You can specify that duplicate values in a column are always to be synchronized with the same masked value.
For example, suppose that the phone column contains 10 occurrences of "(415) 123-1234" and that you want all of these duplicate values to be masked with the same value.
If you select the "Synchronize duplicates" checkbox under the Duplicates tab then DataVeil shall ensure that all duplicates in the masked column shall be synchronized.
By default, duplicates in the masked column are defined simply as duplicates within the column being masked. However, you can define duplicates to be identified by the combined value of multiple columns. In this case you 'Add' each of the columns whose combined value is to be considered for identifying duplicates.
Note: Duplicates processing is not performed during a Quick Preview Run. If you would like to see a preview of masked values that takes into consideration of duplicate values then you should perform a Complete Preview Run.
Another Way To Synchronize Duplicates
The "Synchronize duplicates" column setting is usually not necessary if all masks defined for a column are using deterministic mode. This is because deterministic mode in DataVeil means that the same masked value will always be generated for the same original value.
The following are circumstances in which you should consider using the Duplicates setting if you wanted to ensure that duplicates are preserved with masked values:
1) Non-deterministic mode masks. Unless the Duplicates setting is used then all masked values are unpredictable.
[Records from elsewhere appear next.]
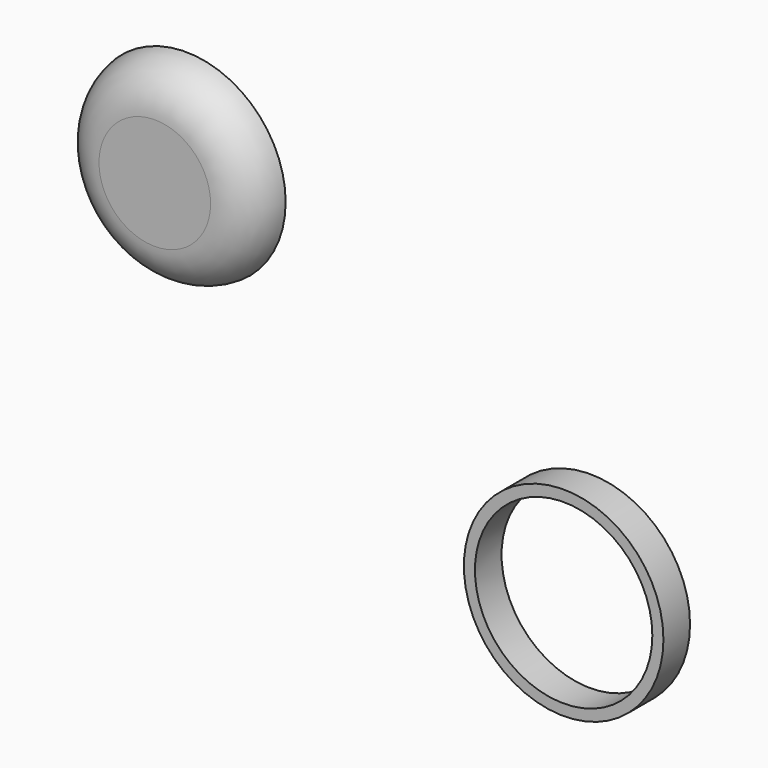
from build123d import *

# Parameters (mm, degrees)
F0_R     = 11.43
F0_R_2   = 10.16
F1_DEPTH = 3.81
F2_R     = 11.43
F3_DEPTH = 4.445


# Not quite as in the source:
# - a fillet or chamfer that OpenCascade refuses, or shapes differently, is made with other operations: its cross-section is extruded or revolved along the edge and cut away or added


with BuildPart() as f1:
    # F0 (on Front) → F1 (new body)
    with BuildSketch(Plane.XZ):
        Circle(F0_R)
        Circle(F0_R_2, mode=Mode.SUBTRACT)
    extrude(amount=F1_DEPTH)


with BuildPart() as f3:
    # F2 (on Front) → F3 (new body)
    with BuildSketch(Plane.XZ):
        with Locations((-46.3215783238, 27.5122094899)):
            Circle(F2_R)
    extrude(amount=F3_DEPTH)

    # F4: fillet of radius 5.08 on 1 edges, made by hand

    # F4_s1 → F4_t2 (revolve, cut)
    with BuildSketch(Plane.XY.offset(27.5122094899)):
        with BuildLine():
            ThreePointArc((-34.8915783238, 0), (-36.5716304064, -3.175), (-39.9317345714, -4.445))
            Line((-39.9317345714, -4.445), (-34.8915783238, -4.445))
            Line((-34.8915783238, -4.445), (-34.8915783238, 0))
        make_face()
    revolve(axis=Axis((-46.3215783238, -4.445, 27.5122094899), (0, -1, 0)), mode=Mode.SUBTRACT)


solid = Compound([f1.part, f3.part])

2) User SQL Value mask. DataVeil has no control over what you define in a User SQL Value mask. Therefore, if your SQL code produces non-deterministic masked values then the Duplicates setting would be necessary if you wanted to preserve duplicates.
3) Shuffle mask. Using the Duplicates setting will ensure that all rows that originally have duplicate values will also have duplicate values after the column is shuffled but with a different value from the column. Note: Deterministic mode for Shuffle only guarantees that the rows will be shuffled into the same order every time for the exact same original table without any consideration of duplicate values (unless the Duplicates setting is also used).
In summary, if you are using deterministic mode masking (the default) and none of the circumstances above apply then you should avoid using the Duplicates setting because it introduces a redundant step into the masking process. The effect is harmless - it simply increases the masking execution time unnecessarily.
Please refer to The Deterministic Option for more details.
Ambiguous Masking of Duplicates
You may encounter a DataVeil masking error that states that an ambiguous masking of duplicates has been attempted.
Here is a simple example of one possibility of how this can occur.
Suppose you create a Number Sequence mask for Col2 (100, 101, 102, 103, 104).
You also create a User SQL Mask for Col1 to use the masked values from Col2 and you define that duplicates in Col1 are to be maintained.
If you run this project you will get an error similar to:
Ambiguous masking definition. Multiple masked values have been generated for a single original value in column "dvtest.dbo.AmbiguousDuplicates.Col1". This may be because a DataVeil Duplicates definition for this column is ambiguous or the mask in this column references another column that returns multiple non-unique values for a single value in column "dvtest.dbo.AmbiguousDuplicates.Col1"
This is because DataVeil identified two distinct values in Col1 (A and B) each which had a distinct corresponding value in Col2 (0 and 1 respectively).
When the User SQL Value mask attempts to use the masked values of Col2 (100, 101, 102, 103, 104) it becomes ambiguous as to which value to use for the distinct value 'A' (100, 101 or 102?) and which value to use for the distinct value 'B' (103 or 104?) given that the "Synchronize duplicates" setting was enabled on Col1.